That looks and sounds like a lot of fun.

----------


## veitnamcam

Great write up! Sounds like a fun trip. :Cool: 

Sent from my GT-S5360T using Tapatalk 2

----------


## puku

Well Done Winmag.  Man that makes me jealous, that would be awesome to do ONE day....

Great write up also

----------


## Gapped axe

Good read, awesome trip.

----------


## geezejonesy

bastard!!!!   whens the next trip?  :Thumbsup:

----------


## Scouser

Brilliant 300WM, i would love a bash at that!!!!!

----------


## mayfly

Shooting horses and cows is not really hunting now is it!

----------


## Toby

> Shooting horses and cows is not really hunting now is it!


Don't know about horses but have been told wild cattle are very crafty

----------


## Eion

Cheers mate that was a good read.

----------


## 300winmag

> bastard!!!!   whens the next trip?


In planning mode now - July, August or September, asked you to come along but you had some bloody excuse about calving, as you can see from the horsey photo we had no problems shooting them before they were going to calve. :Thumbsup:

----------


## 300winmag

> Shooting horses and cows is not really hunting now is it!


I wouldn't say shooting paper is much fun either.
When the farm is invested with these things and the cocky's cattle have to compete for the limited amount of tucker it's all shootable mate, classed as pests by the way.
A heap of fun.

----------


## 300winmag

> Don't know about horses but have been told wild cattle are very crafty


The thing with horse's is to nail the Stallion first, the mares will then just mill around or won't go far at all. We had stallions charging at us to a point where you start to shake.
What you really need is an AR10 with 30rnd mags.

----------


## Hendrik470

Very cool, thanks for posting.
How did your mate get on with the 450?

----------


## 300winmag

Some of the pigs that upset my Scrub Bull hunt at the waterhole.



The Sow on the right copped one right between the eyes, we did a little make up artistry on her for the photo.

----------


## 300winmag

> Very cool, thanks for posting.
> How did your mate get on with the 450?


It was the backup in case I failed and the scrub bull took to us.

----------


## ishoot10s

Is that Matt Kelman?

----------


## 300winmag

> Is that Matt Kelman?


No

----------


## P38

Sounds like a good place to Hunt.

Is it a paid hunt or do you just know the people who own the lease?

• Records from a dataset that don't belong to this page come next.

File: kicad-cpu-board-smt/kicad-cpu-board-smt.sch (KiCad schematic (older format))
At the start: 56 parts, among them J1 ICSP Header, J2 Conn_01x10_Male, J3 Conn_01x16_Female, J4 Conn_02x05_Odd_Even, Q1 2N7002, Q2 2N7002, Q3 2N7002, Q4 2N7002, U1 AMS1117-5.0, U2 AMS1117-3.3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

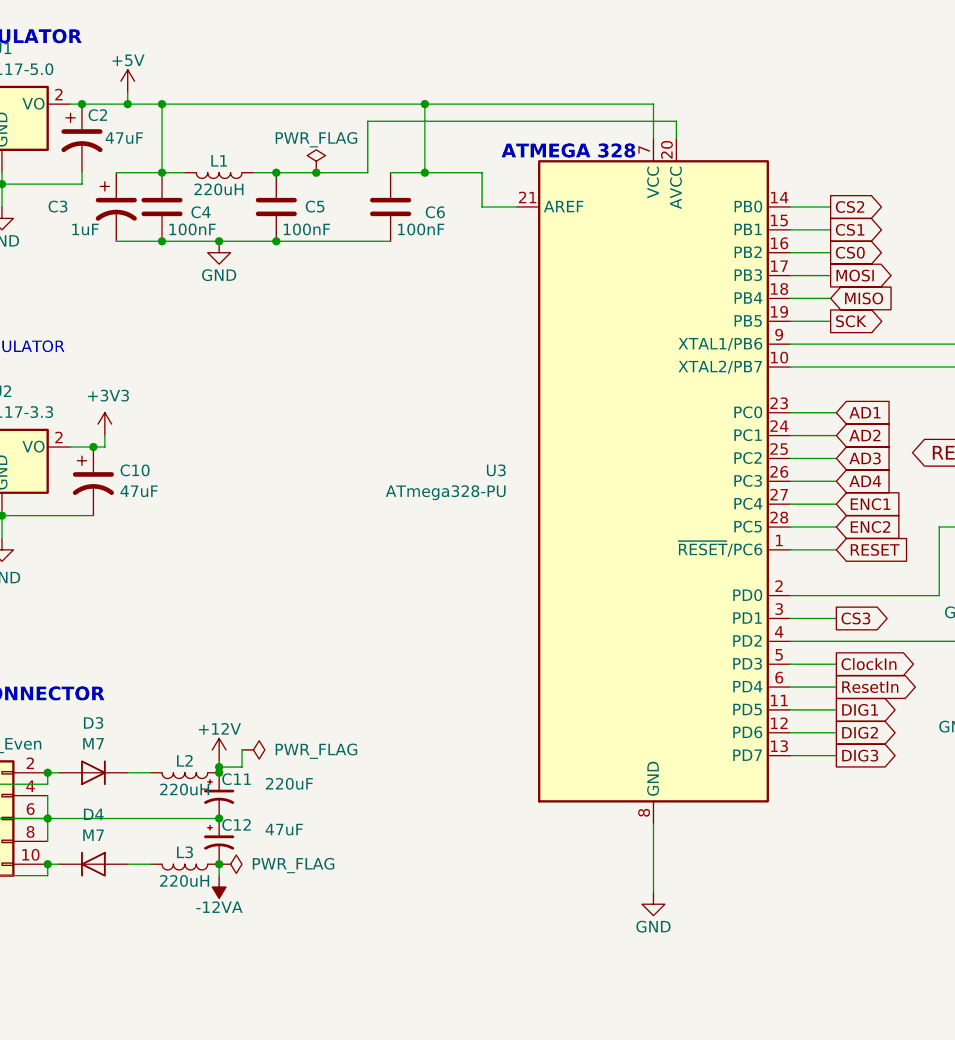
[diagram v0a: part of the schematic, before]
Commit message: Fixing CPU footprint on SMT board and updating bom + gerbers
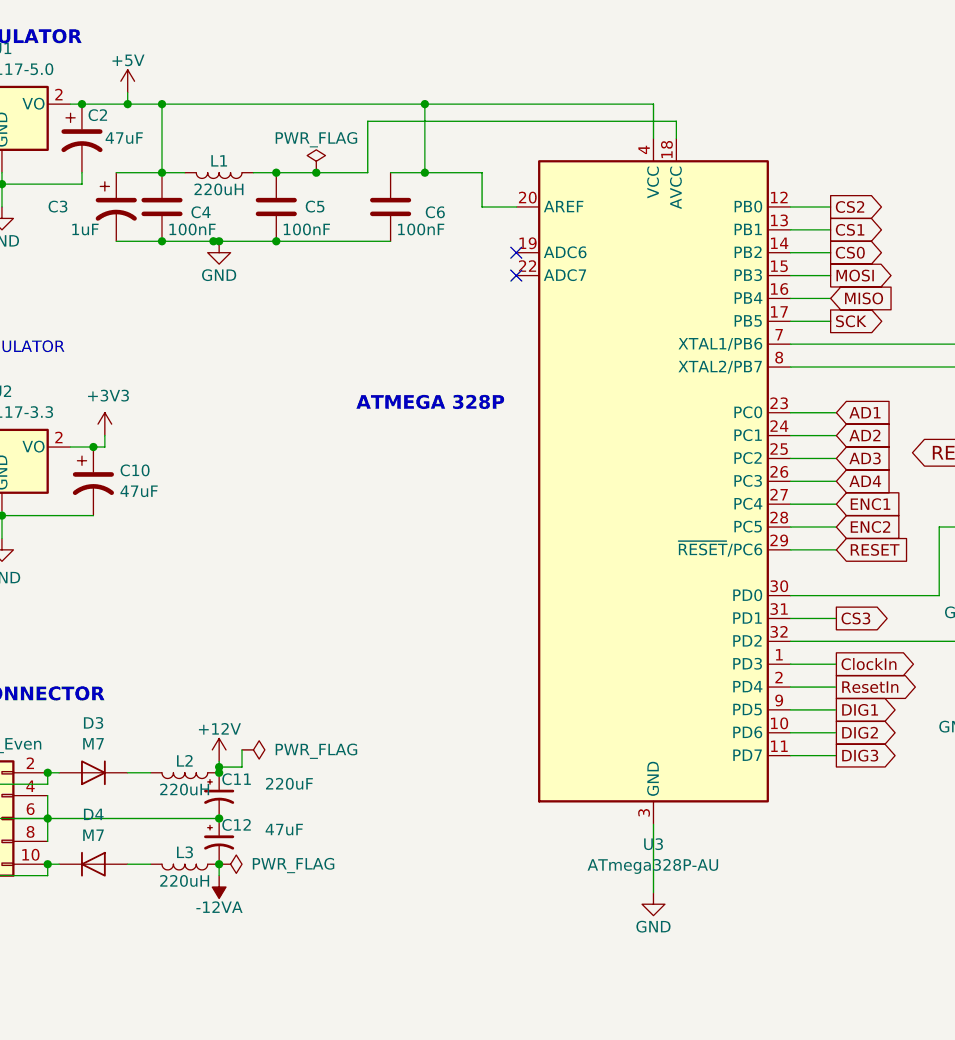
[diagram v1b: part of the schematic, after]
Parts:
- removed U3: ATmega328-PU, Housings_QFP:LQFP-32_7x7mm_Pitch0.8mm, symbol MCU_Microchip_ATmega:ATmega328P-PU
- added U3: ATmega328P-AU, Housings_QFP:TQFP-32_7x7mm_Pitch0.8mm, symbol MCU_Microchip_ATmega:ATmega328-AU
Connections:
- net +5V: now also U3.20 (AREF), U3.4 (VCC), U3.6 (VCC)
- net AD1: now also U3.23 (PC0)
- net AD2: now also U3.24 (PC1)
- net AD3: now also U3.25 (PC2)
- net AD4: now also U3.26 (PC3)
- net CS0: now also U3.14 (PB2)
- net CS1: now also U3.13 (PB1)
- net CS2: now also U3.12 (PB0)
- net CS3: now also U3.31 (PD1)
- net ClockIn: now also U3.1 (PD3)
- net DIG1: now also U3.9 (PD5)
- net DIG2: now also U3.10 (PD6)
- net DIG3: now also U3.11 (PD7)
- net ENC1: now also U3.27 (PC4)
- net ENC2: now also U3.28 (PC5)
- net GND: now also U3.21 (GND), U3.3 (GND), U3.5 (GND)
- net MISO: now also U3.16 (PB4)
- net MOSI: now also U3.15 (PB3)
- net RESET: now also U3.29 (~RESET~/PC6)
- net ResetIn: now also U3.2 (PD4)
- net SCK: now also U3.17 (PB5)
- net at C7.2, R1.2, Y1.1: now also U3.7 (XTAL1/PB6)
- net at C8.2, R1.1, Y1.3: now also U3.8 (XTAL2/PB7)
- net at D1.1 (K), R3.2: now also U3.30 (PD0)
- net at D2.1 (K), R4.2: now also U3.32 (PD2)
- net at C5.1, L1.1: now also U3.18 (AVCC)
- no-connect marks 0 -> 2
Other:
- note added: "ATMEGA 328P"
- note removed: "ATMEGA 328"
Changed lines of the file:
@@
 Text Notes 2025 850  2    60   ~ 12
 5V REGULATOR
-Text Notes 4450 1350 2    60   ~ 12
-ATMEGA 328
+Text Notes 3875 2450 2    60   ~ 12
+ATMEGA 328P
 Text Notes 9400 6400 2    60   ~ 12
 FLASH MEMORY
@@
 Connection ~ 2625 1700
 Wire Wire Line
-	2375 1700 2625 1700
+	2375 1700 2600 1700
 Connection ~ 2875 1400
 Wire Wire Line
@@
 $EndComp
 $Comp
-L MCU_Microchip_ATmega:ATmega328P-PU U3
-U 1 1 5DD69A10
-P 4525 2750
-F 0 "U3" H 3884 2796 50  0000 R CNN
-F 1 "ATmega328-PU" H 3884 2705 50  0000 R CNN
-F 2 "Housings_QFP:LQFP-32_7x7mm_Pitch0.8mm" H 4525 2750 50  0001 C CIN
-F 3 "http://ww1.microchip.com/downloads/en/DeviceDoc/ATmega328_P%20AVR%20MCU%20with%20picoPower%20Technology%20Data%20Sheet%2040001984A.pdf" H 4525 2750 50  0001 C CNN
-F 4 "C14877" H 4525 2750 50  0001 C CNN "LCSC Part Number"
-F 5 "ATMEGA328P-AU" H 4525 2750 50  0001 C CNN "MFG Part Number"
-F 6 "Microchip" H 4525 2750 50  0001 C CNN "Manufacturer"
-	1    4525 2750
-	1    0    0    -1
-$EndComp
-$Comp
 L Connector:Conn_01x10_Male J2
 U 1 1 5DCFEE3D
@@
 Wire Wire Line
 	6500 2250 6750 2250
+$Comp
+L MCU_Microchip_ATmega:ATmega328-AU U3
+U 1 1 5E1AB25F
+P 4525 2750
+F 0 "U3" H 4525 1161 50  0000 C CNN
+F 1 "ATmega328P-AU" H 4525 1070 50  0000 C CNN
+F 2 "Housings_QFP:TQFP-32_7x7mm_Pitch0.8mm" H 4525 2750 50  0001 C CIN
+F 3 "http://ww1.microchip.com/downloads/en/DeviceDoc/ATmega328_P%20AVR%20MCU%20with%20picoPower%20Technology%20Data%20Sheet%2040001984A.pdf" H 4525 2750 50  0001 C CNN
+	1    4525 2750
+	1    0    0    -1
+$EndComp
+NoConn ~ 3925 1750
+NoConn ~ 3925 1850
+Connection ~ 2600 1700
+Wire Wire Line
+	2600 1700 2625 1700
 $EndSCHEMATC

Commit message: Tweaking tracerouting
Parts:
- C1, C13, C14, C4, C5, C6, C9: Digikey Part Number (none) -> 399-1100-6-ND; MFG Part Number CC0603KRX7R9BB104 -> C0603C104Z3VACTU; Manufacturer YAGEO -> Kemet
- C10, C12, C2: Digikey Part Number (none) -> 493-2225-6-ND; MFG Part Number VES470M1HTR-0607 -> UWT1H470MCL1GS; Manufacturer LELON -> Nichicon
- C11: Digikey Part Number (none) -> 493-2179-6-ND; MFG Part Number VZH221M1VTR-1010K -> UWT1C221MCL1GS; Manufacturer LELON -> Nichicon
- C15, C16, C7, C8: Digikey Part Number (none) -> 399-7874-6-ND; MFG Part Number CL10C220JB8NNNC -> C0603C220J1GACTU; Manufacturer SAMSUNG -> Kemet
- C3: Digikey Part Number (none) -> 493-9985-6-ND; LCSC Part Number C108053 -> 493-9985-6-ND; MFG Part Number VES470M1HTR-0607 -> UUX2G010MNL1GS; Manufacturer LELON -> Nichicon
- D1, D2: value 1SMA4733A -> 1SMB5918BT3G; footprint Diodes_SMD:D_SMA_Handsoldering -> Diodes_SMD:D_SMA-SMB_Universal_Handsoldering; Digikey Part Number (none) -> 1SMB5918BT3GOSDKR-ND; MFG Part Number 1SMA4733A -> 1SMB5918BT3G; Manufacturer MDD -> ON Semiconductor
- D3, D4: value M7 -> S1KB; footprint Diodes_SMD:D_SMA_Handsoldering -> Diodes_SMD:D_SMA-SMB_Universal_Handsoldering; Digikey Part Number (none) -> S1KB-FDIDKR-ND; LCSC Part Number C95872 -> S1KB-FDIDKR-ND; MFG Part Number M7 -> S1KB-13-F; Manufacturer MDD -> Diodes Incorporated
- J1: Digikey Part Number (none) -> 609-3218-ND; MFG Part Number (none) -> 67996-406HLF; Manufacturer (none) -> Amphenol
- J2: Digikey Part Number (none) -> 609-3285-ND; MFG Part Number (none) -> 68001-410HLF; Manufacturer (none) -> Amphenol
- J3: value Conn_01x16_Female -> Conn_01x16_Male; Digikey Part Number (none) -> 609-3267-ND; MFG Part Number (none) -> 68000-416HLF; Manufacturer (none) -> Amphenol
- J4: Digikey Part Number (none) -> 609-3243-ND; MFG Part Number (none) -> 67997-410HLF; Manufacturer (none) -> Amphenol
- L1, L2, L3: Digikey Part Number (none) -> 445-1545-6-ND; MFG Part Number NLV32T-221J-PF -> NLCV32T-221K-PF
- Q1, Q2, Q3, Q4: Digikey Part Number (none) -> 2N7002LT1GOSDKR-ND; LCSC Part Number C8545 -> (none); MFG Part Number 2N7002 -> 2N7002LT1G; Manufacturer CJ -> ON Semiconductor
- R1: Digikey Part Number (none) -> RMCF0603FT1M00DKR-ND; MFG Part Number 0603WAF1004T5E -> RMCF0603FT1M00; Manufacturer Uniroyal -> Stackpole Electronics, Inc
- R10, R11, R12, R5, R6, R7, R8, R9: value 1K -> 1k; Digikey Part Number (none) -> RMCF0603FT1K00DKR-ND; LCSC Part Number C21190 -> (none); MFG Part Number 0603WAF1001T5E -> RMCF0603FT1K00; Manufacturer Uniroyal -> Stackpole Electronics, Inc
- R13, R16, R3, R4: Digikey Part Number (none) -> RMCF0603FT1K00DKR-ND; LCSC Part Number C21190 -> (none); MFG Part Number 0603WAF1001T5E -> RMCF0603FT1K00; Manufacturer Uniroyal -> Stackpole Electronics, Inc
- R14, R15, R17, R18, R2: Digikey Part Number (none) -> RMCF0603FT10K0DKR-ND; MFG Part Number 0603WAF1002T5E -> RMCF0603FT10K0; Manufacturer Uniroyal -> Stackpole Electronics, Inc
- U1: Digikey Part Number (none) -> NCP1117ST50T3GOSDKR-ND; MFG Part Number AMS1117-5.0 -> NCP1117ST50T3G; Manufacturer AMS -> ON Semiconductor
- U2: Digikey Part Number (none) -> NCP1117ST33T3GOSDKR-ND; MFG Part Number AMS1117-3.3 -> NCP1117ST33T3G; Manufacturer AMS -> ON Semiconductor
- U3: Digikey Part Number (none) -> ATMEGA328P-AURDKR-ND; MFG Part Number (none) -> ATMEGA328P-AUR; Manufacturer (none) -> Microchip Technology
- U4: Digikey Part Number (none) -> W25Q80DVSNIG-ND; MFG Part Number W25Q80DVSNIG TR -> W25Q80DVSNIG
- U5: Digikey Part Number (none) -> 296-1282-6-ND; MFG Part Number TL072CDT -> TL072CDR; Manufacturer ST -> Texas Instruments
- U6: Digikey Part Number (none) -> MCP4822-E/SN-ND
- Y1: Digikey Part Number (none) -> SER4069DKR-ND; MFG Part Number (none) -> TSX-3225 16.0000MF09Z-AC0; Manufacturer (none) -> Epson

Not sure I knock over a Horse but I'd definitely get into them pigs.

Cheers
Pete

----------


## 300winmag

> Sounds like a good place to Hunt.
> 
> Is it a paid hunt or do you just know the people who own the lease?
> 
> Not sure I knock over a Horse but I'd definitely get into them pigs.
> 
> Cheers
> Pete


Wish the Cocky was a rellie but sad to say no.
Yes it's a paid hunt, shoot as many animals as you want, horse's, pigs, dogs and donkey's are free. Scrub Bulls and Buffs not free.
It took a bit of courage to knock over my first Horse last year, even had a little tear in my eyes but after that first one it was OK cause you are actually doing the farmer a favour.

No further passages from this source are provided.